ENTRIES PROVIDED below:
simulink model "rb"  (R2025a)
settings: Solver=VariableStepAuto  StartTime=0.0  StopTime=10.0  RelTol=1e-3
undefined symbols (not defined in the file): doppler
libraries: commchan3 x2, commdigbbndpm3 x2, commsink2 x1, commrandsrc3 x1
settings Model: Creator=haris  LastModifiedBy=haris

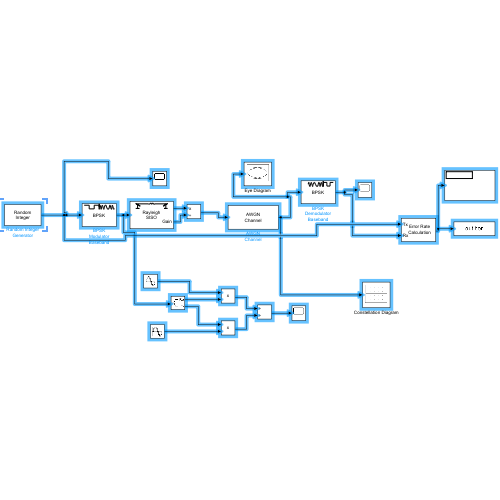
[thumbnail: Simulink's stored preview of the top-level diagram]
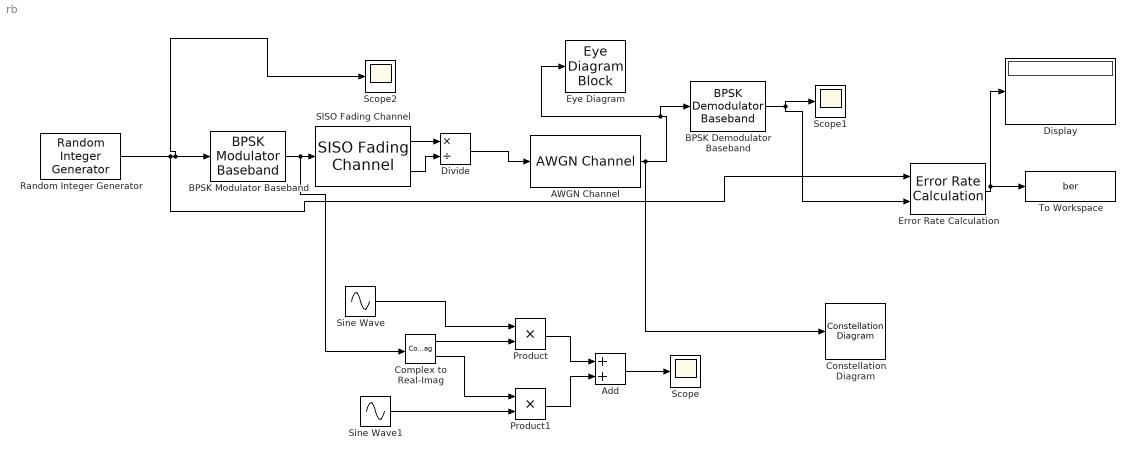
== system rb ==
  AWGN Channel : commchan3/AWGN Channel  LegacyMode=off  NoiseMethod="Signal to noise ratio  (Eb/No)"  noiseMode="Signal to noise ratio  (SNR)"  EbNo=EbNo  EsNo=10  SNR=eb  BitsPerSymbol=1  SignalPower=1  SpecifySymbolPeriod=off  SamplesPerSymbol=1  SymbolPeriod=1  VarianceSource=Parameter  Variance=1  RandomStream=Global stream  Seed=67  SimulateUsing=Code generation
  Add : Sum
  BPSK Demodulator Baseband : commdigbbndpm3/BPSK Demodulator Baseband  DecType=Hard decision  VarSource=Dialog  Variance=1  Ph=0  outDtype=Inherit via internal rule  derotateFactorWordLen=16  derotateFactorDataTypeStr=Inherit: Same word length as input  derotateFactorLastDataTypeStr=Inherit: Same word length as input
  BPSK Modulator Baseband : commdigbbndpm3/BPSK Modulator Baseband  Ph=0  outDtype=double  outWordLen=16  outUDDataType=sfix(16)  outFracLenMode=Best precision  outFracLen=15  outDataTypeStr=double  outLastDataTypeStr=double
  Complex to Real-Imag : ComplexToRealImag
  Constellation Diagram : ConstellationDiagram  WindowPosition=[639.000000,114.000000,600.000000,600.000000,]  ScopeFrameLocation=window
  Display : Display
  Divide : Product  Inputs=*/
  Error Rate Calculation : commsink2/Error Rate Calculation  N=0  st_delay=0  cp_mode=Entire frame  subframe=[]  PMode=Port  WsName=ber  RsMode2=off  stop=off  numErr=100  maxBits=1e6
  Eye Diagram : EyeDiagramBlock  WindowPosition=[368.000000,182.000000,800.000000,500.000000,]  ScopeFrameLocation=window
  Product : Product
  Product1 : Product
  Random Integer Generator : commrandsrc3/Random Integer Generator  SetSize=2  SeedSource=Auto  Seed=0  SampleTime=1  SamplesPerFrame=1000  OutputDataType=double  SimulateUsing=Interpreted execution
  SISO Fading Channel : commchan3/SISO Fading Channel  InheritSampleRate=on  SampleRate=1  PathDelays=0  AveragePathGains=0  NormalizePathGains=on  FadingDistribution=Rayleigh  KFactor=3  DirectPathDopplerShift=0  DirectPathInitialPhase=0  MaximumDopplerShift=0.01  DopplerSpectrum=doppler('Jakes')  RandomStream=mt19937ar with seed  Seed=67  PathGainsOutputPort=on  ChannelFilterDelayOutputPort=off  SimulateUsing=Interpreted execution  Visualization=Off  PathsForDopplerDisplay=1  SamplesToDisplay=25%
  Scope : Scope
      settings: ActiveDisplayYMinimum=-1  ActiveDisplayYMaximum=1
  Scope1 : Scope
      settings: ActiveDisplayYMinimum=-1  ActiveDisplayYMaximum=1
  Scope2 : Scope
      settings: ActiveDisplayYMinimum=-1  ActiveDisplayYMaximum=1  DataLoggingVariableName=ScopeData2
  Sine Wave : Sin  Frequency=8*pi  SampleTime=0.001
  Sine Wave1 : Sin  Frequency=8*pi  Phase=pi/2  SampleTime=0.001
  To Workspace : ToWorkspace  VariableName=ber  SampleTime=-1
      settings: Save2DSignal=2-D array (concatenate along first dimension)
  wires:
  SISO Fading Channel/1 -> Divide/1
  SISO Fading Channel/2 -> Divide/2
  Divide/1 -> AWGN Channel/1
  Product/1 -> Add/1
  BPSK Demodulator Baseband/1 -> Error Rate Calculation/2, Scope1/1
  Add/1 -> Scope/1
  Error Rate Calculation/1 -> To Workspace/1, Display/1
  Sine Wave1/1 -> Product1/2
  Product1/1 -> Add/2
  Sine Wave/1 -> Product/1
  BPSK Modulator Baseband/1 -> Complex to Real-Imag/1, SISO Fading Channel/1
  Random Integer Generator/1 -> BPSK Modulator Baseband/1, Scope2/1, Error Rate Calculation/1
  Complex to Real-Imag/1 -> Product/2
  AWGN Channel/1 -> Constellation Diagram/1, BPSK Demodulator Baseband/1, Eye Diagram/1
  Complex to Real-Imag/2 -> Product1/1
End of ENTRIES PROVIDED.
Tally up how many lines in the records contain the string "Channel". Answer with that figure only.

7